Returning to England without personal funds, and exhausted, it was recommended that he travel to the south of France for a diet of pure air and sunshine (I doubt this is currently available on an NHS prescription !). In renewed health he took up an appointment in Leicester where he set about providing the parish with a new school. He addressed this with his usual enthusiasm organising an Empire Fair, at which goods from across the world were made available for sale. His organisational skills and powers of persuasion unsurprisingly won over the assistance of the local titled Catholic gentry, offering his cause enhanced kudos. Sadly he did not see the completion of his educational dream for Catholic children in Leicester as he died suddenly in 1933 at the age of sixty-one.

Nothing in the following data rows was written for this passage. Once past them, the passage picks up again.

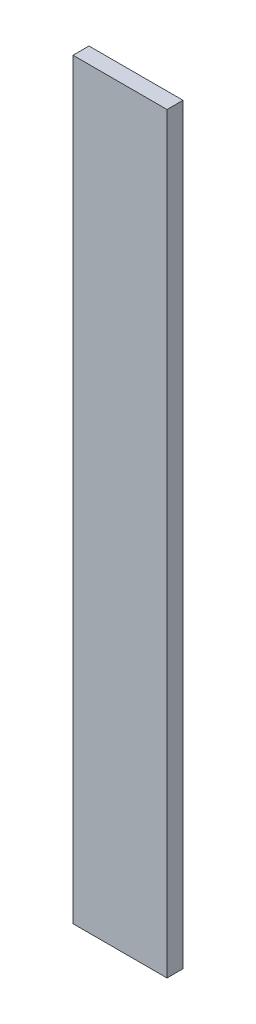
ISO-10303-21;
HEADER;
FILE_DESCRIPTION(('STEP AP214'),'2;1');
FILE_NAME('part.step','',(''),(''),'','','');
FILE_SCHEMA(('AUTOMOTIVE_DESIGN { 1 0 10303 214 1 1 1 1 }'));
ENDSEC;
DATA;
#1=APPLICATION_CONTEXT('core data for automotive mechanical design processes');
#2=APPLICATION_PROTOCOL_DEFINITION('international standard','automotive_design',2000,#1);
#3=PRODUCT_CONTEXT('',#1,'mechanical');
#4=PRODUCT('Part','Part','',(#3));
#5=PRODUCT_RELATED_PRODUCT_CATEGORY('part','',(#4));
#6=PRODUCT_DEFINITION_FORMATION('','',#4);
#7=PRODUCT_DEFINITION_CONTEXT('part definition',#1,'design');
#8=PRODUCT_DEFINITION('design','',#6,#7);
#9=PRODUCT_DEFINITION_SHAPE('','',#8);
#10=(LENGTH_UNIT() NAMED_UNIT(*) SI_UNIT(.MILLI.,.METRE.));
#11=(NAMED_UNIT(*) PLANE_ANGLE_UNIT() SI_UNIT($,.RADIAN.));
#12=(NAMED_UNIT(*) SI_UNIT($,.STERADIAN.) SOLID_ANGLE_UNIT());
#13=UNCERTAINTY_MEASURE_WITH_UNIT(LENGTH_MEASURE(1.E-05),#10,'distance_accuracy_value','');
#14=(GEOMETRIC_REPRESENTATION_CONTEXT(3) GLOBAL_UNCERTAINTY_ASSIGNED_CONTEXT((#13)) GLOBAL_UNIT_ASSIGNED_CONTEXT((#10,
#11,#12)) REPRESENTATION_CONTEXT('',''));
#15=CARTESIAN_POINT('',(0.,0.,0.));
#16=DIRECTION('',(0.,0.,1.));
#17=DIRECTION('',(1.,0.,0.));
#18=AXIS2_PLACEMENT_3D('',#15,#16,#17);
#19=CARTESIAN_POINT('',(-1.27,10.16,0.4318));
#20=DIRECTION('',(0.,0.,1.));
#21=DIRECTION('',(1.,0.,0.));
#22=AXIS2_PLACEMENT_3D('',#19,#20,#21);
#23=PLANE('',#22);
#24=DIRECTION('',(0.,1.,0.));
#25=VECTOR('',#24,1.);
#26=CARTESIAN_POINT('',(1.27,10.16,0.4318));
#27=LINE('',#26,#25);
#28=CARTESIAN_POINT('',(1.27,10.16,0.4318));
#29=VERTEX_POINT('',#28);
#30=CARTESIAN_POINT('',(1.27,-10.16,0.4318));
#31=VERTEX_POINT('',#30);
#32=EDGE_CURVE('E52',#29,#31,#27,.F.);
#33=ORIENTED_EDGE('',*,*,#32,.F.);
#34=DIRECTION('',(1.,0.,0.));
#35=VECTOR('',#34,1.);
#36=CARTESIAN_POINT('',(-1.27,10.16,0.4318));
#37=LINE('',#36,#35);
#38=CARTESIAN_POINT('',(-1.27,10.16,0.4318));
#39=VERTEX_POINT('',#38);
#40=EDGE_CURVE('E67',#39,#29,#37,.T.);
#41=ORIENTED_EDGE('',*,*,#40,.F.);
#42=DIRECTION('',(0.,1.,0.));
#43=VECTOR('',#42,1.);
#44=CARTESIAN_POINT('',(-1.27,-10.16,0.4318));
#45=LINE('',#44,#43);
#46=CARTESIAN_POINT('',(-1.27,-10.16,0.4318));
#47=VERTEX_POINT('',#46);
#48=EDGE_CURVE('E19',#47,#39,#45,.T.);
#49=ORIENTED_EDGE('',*,*,#48,.F.);
#50=DIRECTION('',(1.,0.,0.));
#51=VECTOR('',#50,1.);
#52=CARTESIAN_POINT('',(1.27,-10.16,0.4318));
#53=LINE('',#52,#51);
#54=EDGE_CURVE('E57',#31,#47,#53,.F.);
#55=ORIENTED_EDGE('',*,*,#54,.F.);
#56=EDGE_LOOP('',(#33,#41,#49,#55));
#57=FACE_BOUND('',#56,.T.);
#58=ADVANCED_FACE('F16',(#57),#23,.T.);
#59=CARTESIAN_POINT('',(-1.27,-10.16,0.));
#60=DIRECTION('',(-1.,0.,0.));
#61=DIRECTION('',(0.,0.,1.));
#62=AXIS2_PLACEMENT_3D('',#59,#60,#61);
#63=PLANE('',#62);
#64=DIRECTION('',(0.,0.,1.));
#65=VECTOR('',#64,1.);
#66=CARTESIAN_POINT('',(-1.27,10.16,0.));
#67=LINE('',#66,#65);
#68=CARTESIAN_POINT('',(-1.27,10.16,0.));
#69=VERTEX_POINT('',#68);
#70=EDGE_CURVE('E78',#69,#39,#67,.T.);
#71=ORIENTED_EDGE('',*,*,#70,.F.);
#72=DIRECTION('',(0.,1.,0.));
#73=VECTOR('',#72,1.);
#74=CARTESIAN_POINT('',(-1.27,10.16,0.));
#75=LINE('',#74,#73);
#76=CARTESIAN_POINT('',(-1.27,-10.16,0.));
#77=VERTEX_POINT('',#76);
#78=EDGE_CURVE('E73',#69,#77,#75,.F.);
#79=ORIENTED_EDGE('',*,*,#78,.T.);
#80=DIRECTION('',(0.,0.,-1.));
#81=VECTOR('',#80,1.);
#82=CARTESIAN_POINT('',(-1.27,-10.16,0.));
#83=LINE('',#82,#81);
#84=EDGE_CURVE('E62',#47,#77,#83,.T.);
#85=ORIENTED_EDGE('',*,*,#84,.F.);
#86=ORIENTED_EDGE('',*,*,#48,.T.);
#87=EDGE_LOOP('',(#71,#79,#85,#86));
#88=FACE_BOUND('',#87,.T.);
#89=ADVANCED_FACE('F72',(#88),#63,.T.);
#90=CARTESIAN_POINT('',(1.27,-10.16,0.));
#91=DIRECTION('',(0.,-1.,0.));
#92=DIRECTION('',(0.,0.,-1.));
#93=AXIS2_PLACEMENT_3D('',#90,#91,#92);
#94=PLANE('',#93);
#95=ORIENTED_EDGE('',*,*,#84,.T.);
#96=DIRECTION('',(1.,0.,0.));
#97=VECTOR('',#96,1.);
#98=CARTESIAN_POINT('',(-1.27,-10.16,0.));
#99=LINE('',#98,#97);
#100=CARTESIAN_POINT('',(1.27,-10.16,0.));
#101=VERTEX_POINT('',#100);
#102=EDGE_CURVE('E83',#77,#101,#99,.T.);
#103=ORIENTED_EDGE('',*,*,#102,.T.);
#104=DIRECTION('',(0.,0.,-1.));
#105=VECTOR('',#104,1.);
#106=CARTESIAN_POINT('',(1.27,-10.16,0.));
#107=LINE('',#106,#105);
#108=EDGE_CURVE('E64',#31,#101,#107,.T.);
#109=ORIENTED_EDGE('',*,*,#108,.F.);
#110=ORIENTED_EDGE('',*,*,#54,.T.);
#111=EDGE_LOOP('',(#95,#103,#109,#110));
#112=FACE_BOUND('',#111,.T.);
#113=ADVANCED_FACE('F59',(#112),#94,.T.);
#114=CARTESIAN_POINT('',(1.27,10.16,0.));
#115=DIRECTION('',(1.,0.,0.));
#116=DIRECTION('',(0.,0.,-1.));
#117=AXIS2_PLACEMENT_3D('',#114,#115,#116);
#118=PLANE('',#117);
#119=ORIENTED_EDGE('',*,*,#108,.T.);
#120=DIRECTION('',(0.,1.,0.));
#121=VECTOR('',#120,1.);
#122=CARTESIAN_POINT('',(1.27,10.16,0.));
#123=LINE('',#122,#121);
#124=CARTESIAN_POINT('',(1.27,10.16,0.));
#125=VERTEX_POINT('',#124);
#126=EDGE_CURVE('E25',#101,#125,#123,.T.);
#127=ORIENTED_EDGE('',*,*,#126,.T.);
#128=DIRECTION('',(0.,0.,1.));
#129=VECTOR('',#128,1.);
#130=CARTESIAN_POINT('',(1.27,10.16,0.));
#131=LINE('',#130,#129);
#132=EDGE_CURVE('E33',#29,#125,#131,.F.);
#133=ORIENTED_EDGE('',*,*,#132,.F.);
#134=ORIENTED_EDGE('',*,*,#32,.T.);
#135=EDGE_LOOP('',(#119,#127,#133,#134));
#136=FACE_BOUND('',#135,.T.);
#137=ADVANCED_FACE('F87',(#136),#118,.T.);
#138=CARTESIAN_POINT('',(-1.27,10.16,0.));
#139=DIRECTION('',(0.,1.,0.));
#140=DIRECTION('',(0.,0.,1.));
#141=AXIS2_PLACEMENT_3D('',#138,#139,#140);
#142=PLANE('',#141);
#143=ORIENTED_EDGE('',*,*,#132,.T.);
#144=DIRECTION('',(1.,0.,0.));
#145=VECTOR('',#144,1.);
#146=CARTESIAN_POINT('',(-1.27,10.16,0.));
#147=LINE('',#146,#145);
#148=EDGE_CURVE('E11',#125,#69,#147,.F.);
#149=ORIENTED_EDGE('',*,*,#148,.T.);
#150=ORIENTED_EDGE('',*,*,#70,.T.);
#151=ORIENTED_EDGE('',*,*,#40,.T.);
#152=EDGE_LOOP('',(#143,#149,#150,#151));
#153=FACE_BOUND('',#152,.T.);
#154=ADVANCED_FACE('F90',(#153),#142,.T.);
#155=CARTESIAN_POINT('',(-1.27,10.16,0.));
#156=DIRECTION('',(0.,0.,1.));
#157=DIRECTION('',(1.,0.,0.));
#158=AXIS2_PLACEMENT_3D('',#155,#156,#157);
#159=PLANE('',#158);
#160=ORIENTED_EDGE('',*,*,#126,.F.);
#161=ORIENTED_EDGE('',*,*,#102,.F.);
#162=ORIENTED_EDGE('',*,*,#78,.F.);
#163=ORIENTED_EDGE('',*,*,#148,.F.);
#164=EDGE_LOOP('',(#160,#161,#162,#163));
#165=FACE_BOUND('',#164,.T.);
#166=ADVANCED_FACE('F89',(#165),#159,.F.);
#167=CLOSED_SHELL('',(#58,#89,#113,#137,#154,#166));
#168=MANIFOLD_SOLID_BREP('B1',#167);
#169=ADVANCED_BREP_SHAPE_REPRESENTATION('',(#18,#168),#14);
#170=SHAPE_DEFINITION_REPRESENTATION(#9,#169);
ENDSEC;
END-ISO-10303-21;

A character to the last, a newspaper report of his demise mentioned that feeling unwell on the day of his death he asked his valet to call for the ministrations of a neighbouring priest ! His personal estate included a small treasure trove of religious jewellery, amongst which was a bejewelled ring, presented to him by British soldiers. This, he stipulated, should be presented to a priest about to become a bishop.

At the centre of our Scripture Readings this weekend is the Parable of the Talents. It speaks of gifts being given on trust for useful purpose. The recipients respond to the talents entrusted to them in differing ways through their unique perception of the One who has given them responsibility. The terms celebrity or personality are not applicable to those spoken of in the Parable, instead we are presented with part-players each fulfilling their unique role in a story. Each is a characters and a character simply is. The finest and best of characters take what they have been given and gifted with and get on with the task in hand. Without definition their chameleon-like skills of adaptation allow them to identify with their surroundings, and whilst not always blending in they become a feature, beloved and cherished for being what many dare not to be: themselves.

Fr. Richard Barry-Doyle was certainly his own man, comfortable in his own skin for which at times he also carried the cross of suffering. In this month of remembrance we commend the soul of one of God’s own characters to the safe-keeping of the Greatest Giver of all.

I continue to carry you in prayerful remembrance, together with your loved ones – living and handed back to God – and in affection.